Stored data
·····
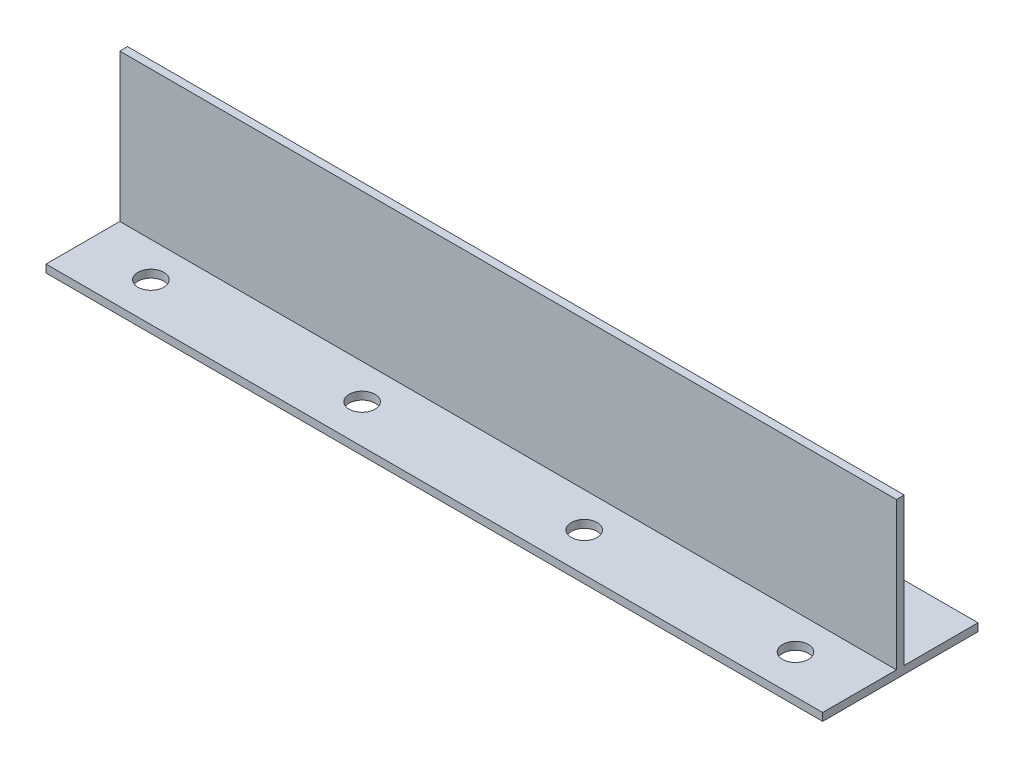
ISO-10303-21;
HEADER;
FILE_DESCRIPTION(('STEP AP214'),'2;1');
FILE_NAME('part.step','',(''),(''),'','','');
FILE_SCHEMA(('AUTOMOTIVE_DESIGN { 1 0 10303 214 1 1 1 1 }'));
ENDSEC;
DATA;
#1=APPLICATION_CONTEXT('core data for automotive mechanical design processes');
#2=APPLICATION_PROTOCOL_DEFINITION('international standard','automotive_design',2000,#1);
#3=PRODUCT_CONTEXT('',#1,'mechanical');
#4=PRODUCT('Part','Part','',(#3));
#5=PRODUCT_RELATED_PRODUCT_CATEGORY('part','',(#4));
#6=PRODUCT_DEFINITION_FORMATION('','',#4);
#7=PRODUCT_DEFINITION_CONTEXT('part definition',#1,'design');
#8=PRODUCT_DEFINITION('design','',#6,#7);
#9=PRODUCT_DEFINITION_SHAPE('','',#8);
#10=(LENGTH_UNIT() NAMED_UNIT(*) SI_UNIT(.MILLI.,.METRE.));
#11=(NAMED_UNIT(*) PLANE_ANGLE_UNIT() SI_UNIT($,.RADIAN.));
#12=(NAMED_UNIT(*) SI_UNIT($,.STERADIAN.) SOLID_ANGLE_UNIT());
#13=UNCERTAINTY_MEASURE_WITH_UNIT(LENGTH_MEASURE(1.E-05),#10,'distance_accuracy_value','');
#14=(GEOMETRIC_REPRESENTATION_CONTEXT(3) GLOBAL_UNCERTAINTY_ASSIGNED_CONTEXT((#13)) GLOBAL_UNIT_ASSIGNED_CONTEXT((#10,
#11,#12)) REPRESENTATION_CONTEXT('',''));
#15=CARTESIAN_POINT('',(0.,0.,0.));
#16=DIRECTION('',(0.,0.,1.));
#17=DIRECTION('',(1.,0.,0.));
#18=AXIS2_PLACEMENT_3D('',#15,#16,#17);
#19=CARTESIAN_POINT('',(150.,1.5,14.25));
#20=DIRECTION('',(0.,0.,-1.));
#21=DIRECTION('',(-1.,0.,0.));
#22=AXIS2_PLACEMENT_3D('',#19,#20,#21);
#23=PLANE('',#22);
#24=DIRECTION('',(0.,-1.,0.));
#25=VECTOR('',#24,1.);
#26=CARTESIAN_POINT('',(0.,1.5,14.25));
#27=LINE('',#26,#25);
#28=CARTESIAN_POINT('',(0.,1.5,14.25));
#29=VERTEX_POINT('',#28);
#30=CARTESIAN_POINT('',(0.,0.,14.25));
#31=VERTEX_POINT('',#30);
#32=EDGE_CURVE('E133',#29,#31,#27,.T.);
#33=ORIENTED_EDGE('',*,*,#32,.T.);
#34=DIRECTION('',(-1.,0.,0.));
#35=VECTOR('',#34,1.);
#36=CARTESIAN_POINT('',(150.,0.,14.25));
#37=LINE('',#36,#35);
#38=CARTESIAN_POINT('',(150.,0.,14.25));
#39=VERTEX_POINT('',#38);
#40=EDGE_CURVE('E11',#39,#31,#37,.T.);
#41=ORIENTED_EDGE('',*,*,#40,.F.);
#42=DIRECTION('',(0.,-1.,0.));
#43=VECTOR('',#42,1.);
#44=CARTESIAN_POINT('',(150.,1.5,14.25));
#45=LINE('',#44,#43);
#46=CARTESIAN_POINT('',(150.,1.5,14.25));
#47=VERTEX_POINT('',#46);
#48=EDGE_CURVE('E148',#47,#39,#45,.T.);
#49=ORIENTED_EDGE('',*,*,#48,.F.);
#50=DIRECTION('',(-1.,0.,0.));
#51=VECTOR('',#50,1.);
#52=CARTESIAN_POINT('',(150.,1.5,14.25));
#53=LINE('',#52,#51);
#54=EDGE_CURVE('E129',#47,#29,#53,.T.);
#55=ORIENTED_EDGE('',*,*,#54,.T.);
#56=EDGE_LOOP('',(#33,#41,#49,#55));
#57=FACE_BOUND('',#56,.T.);
#58=ADVANCED_FACE('F37',(#57),#23,.F.);
#59=CARTESIAN_POINT('',(150.,0.,14.25));
#60=DIRECTION('',(0.,1.,0.));
#61=DIRECTION('',(0.,0.,1.));
#62=AXIS2_PLACEMENT_3D('',#59,#60,#61);
#63=PLANE('',#62);
#64=CARTESIAN_POINT('',(12.75,0.,-8.25));
#65=DIRECTION('',(0.,1.,0.));
#66=DIRECTION('',(0.,0.,1.));
#67=AXIS2_PLACEMENT_3D('',#64,#65,#66);
#68=CIRCLE('',#67,2.5);
#69=CARTESIAN_POINT('',(12.75,0.,-5.75));
#70=VERTEX_POINT('',#69);
#71=EDGE_CURVE('E184',#70,#70,#68,.T.);
#72=ORIENTED_EDGE('',*,*,#71,.T.);
#73=EDGE_LOOP('',(#72));
#74=FACE_BOUND('',#73,.T.);
#75=CARTESIAN_POINT('',(53.55,0.,-8.25));
#76=DIRECTION('',(0.,1.,0.));
#77=DIRECTION('',(0.,0.,1.));
#78=AXIS2_PLACEMENT_3D('',#75,#76,#77);
#79=CIRCLE('',#78,2.49999999999999);
#80=CARTESIAN_POINT('',(53.55,0.,-5.75000000000001));
#81=VERTEX_POINT('',#80);
#82=EDGE_CURVE('E203',#81,#81,#79,.T.);
#83=ORIENTED_EDGE('',*,*,#82,.T.);
#84=EDGE_LOOP('',(#83));
#85=FACE_BOUND('',#84,.T.);
#86=CARTESIAN_POINT('',(53.55,0.,6.75));
#87=DIRECTION('',(0.,1.,0.));
#88=DIRECTION('',(0.,0.,1.));
#89=AXIS2_PLACEMENT_3D('',#86,#87,#88);
#90=CIRCLE('',#89,2.49999999999999);
#91=CARTESIAN_POINT('',(53.55,0.,9.25));
#92=VERTEX_POINT('',#91);
#93=EDGE_CURVE('E197',#92,#92,#90,.T.);
#94=ORIENTED_EDGE('',*,*,#93,.T.);
#95=EDGE_LOOP('',(#94));
#96=FACE_BOUND('',#95,.T.);
#97=CARTESIAN_POINT('',(96.45,0.,6.75));
#98=DIRECTION('',(0.,1.,0.));
#99=DIRECTION('',(0.,0.,-1.));
#100=AXIS2_PLACEMENT_3D('',#97,#98,#99);
#101=CIRCLE('',#100,2.50000000000001);
#102=CARTESIAN_POINT('',(96.45,0.,4.24999999999999));
#103=VERTEX_POINT('',#102);
#104=EDGE_CURVE('E190',#103,#103,#101,.T.);
#105=ORIENTED_EDGE('',*,*,#104,.T.);
#106=EDGE_LOOP('',(#105));
#107=FACE_BOUND('',#106,.T.);
#108=CARTESIAN_POINT('',(96.45,0.,-8.25000000000001));
#109=DIRECTION('',(0.,1.,0.));
#110=DIRECTION('',(0.,0.,-1.));
#111=AXIS2_PLACEMENT_3D('',#108,#109,#110);
#112=CIRCLE('',#111,2.50000000000001);
#113=CARTESIAN_POINT('',(96.45,0.,-10.75));
#114=VERTEX_POINT('',#113);
#115=EDGE_CURVE('E191',#114,#114,#112,.T.);
#116=ORIENTED_EDGE('',*,*,#115,.T.);
#117=EDGE_LOOP('',(#116));
#118=FACE_BOUND('',#117,.T.);
#119=CARTESIAN_POINT('',(137.25,0.,-8.24999999999998));
#120=DIRECTION('',(0.,1.,0.));
#121=DIRECTION('',(0.,0.,-1.));
#122=AXIS2_PLACEMENT_3D('',#119,#120,#121);
#123=CIRCLE('',#122,2.50000000000002);
#124=CARTESIAN_POINT('',(137.25,0.,-10.75));
#125=VERTEX_POINT('',#124);
#126=EDGE_CURVE('E220',#125,#125,#123,.T.);
#127=ORIENTED_EDGE('',*,*,#126,.T.);
#128=EDGE_LOOP('',(#127));
#129=FACE_BOUND('',#128,.T.);
#130=CARTESIAN_POINT('',(137.25,0.,6.74999999999998));
#131=DIRECTION('',(0.,1.,0.));
#132=DIRECTION('',(0.,0.,-1.));
#133=AXIS2_PLACEMENT_3D('',#130,#131,#132);
#134=CIRCLE('',#133,2.50000000000002);
#135=CARTESIAN_POINT('',(137.25,0.,4.24999999999996));
#136=VERTEX_POINT('',#135);
#137=EDGE_CURVE('E214',#136,#136,#134,.T.);
#138=ORIENTED_EDGE('',*,*,#137,.T.);
#139=EDGE_LOOP('',(#138));
#140=FACE_BOUND('',#139,.T.);
#141=CARTESIAN_POINT('',(12.75,0.,6.75));
#142=DIRECTION('',(0.,1.,0.));
#143=DIRECTION('',(0.,0.,1.));
#144=AXIS2_PLACEMENT_3D('',#141,#142,#143);
#145=CIRCLE('',#144,2.5);
#146=CARTESIAN_POINT('',(12.75,0.,9.25));
#147=VERTEX_POINT('',#146);
#148=EDGE_CURVE('E137',#147,#147,#145,.T.);
#149=ORIENTED_EDGE('',*,*,#148,.T.);
#150=EDGE_LOOP('',(#149));
#151=FACE_BOUND('',#150,.T.);
#152=DIRECTION('',(0.,0.,-1.));
#153=VECTOR('',#152,1.);
#154=CARTESIAN_POINT('',(0.,0.,14.25));
#155=LINE('',#154,#153);
#156=CARTESIAN_POINT('',(0.,0.,-15.75));
#157=VERTEX_POINT('',#156);
#158=EDGE_CURVE('E136',#31,#157,#155,.T.);
#159=ORIENTED_EDGE('',*,*,#158,.T.);
#160=DIRECTION('',(-1.,0.,0.));
#161=VECTOR('',#160,1.);
#162=CARTESIAN_POINT('',(150.,0.,-15.75));
#163=LINE('',#162,#161);
#164=CARTESIAN_POINT('',(150.,0.,-15.75));
#165=VERTEX_POINT('',#164);
#166=EDGE_CURVE('E45',#165,#157,#163,.T.);
#167=ORIENTED_EDGE('',*,*,#166,.F.);
#168=DIRECTION('',(0.,0.,-1.));
#169=VECTOR('',#168,1.);
#170=CARTESIAN_POINT('',(150.,0.,14.25));
#171=LINE('',#170,#169);
#172=EDGE_CURVE('E96',#39,#165,#171,.T.);
#173=ORIENTED_EDGE('',*,*,#172,.F.);
#174=ORIENTED_EDGE('',*,*,#40,.T.);
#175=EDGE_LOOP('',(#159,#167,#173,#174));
·····
▶ [WHAT YOU WILL DO]: Please leave out the pictures as you reproduce the lines exactly, from the first line of the entries through the line containing "#12=(NAMED_UNIT(*) SI_UNIT($,.STERADIAN.) SOLID_ANGLE_UNIT());".

▶ [EXPECTED ANSWER]:
ISO-10303-21;
HEADER;
FILE_DESCRIPTION(('STEP AP214'),'2;1');
FILE_NAME('part.step','',(''),(''),'','','');
FILE_SCHEMA(('AUTOMOTIVE_DESIGN { 1 0 10303 214 1 1 1 1 }'));
ENDSEC;
DATA;
#1=APPLICATION_CONTEXT('core data for automotive mechanical design processes');
#2=APPLICATION_PROTOCOL_DEFINITION('international standard','automotive_design',2000,#1);
#3=PRODUCT_CONTEXT('',#1,'mechanical');
#4=PRODUCT('Part','Part','',(#3));
#5=PRODUCT_RELATED_PRODUCT_CATEGORY('part','',(#4));
#6=PRODUCT_DEFINITION_FORMATION('','',#4);
#7=PRODUCT_DEFINITION_CONTEXT('part definition',#1,'design');
#8=PRODUCT_DEFINITION('design','',#6,#7);
#9=PRODUCT_DEFINITION_SHAPE('','',#8);
#10=(LENGTH_UNIT() NAMED_UNIT(*) SI_UNIT(.MILLI.,.METRE.));
#11=(NAMED_UNIT(*) PLANE_ANGLE_UNIT() SI_UNIT($,.RADIAN.));
#12=(NAMED_UNIT(*) SI_UNIT($,.STERADIAN.) SOLID_ANGLE_UNIT());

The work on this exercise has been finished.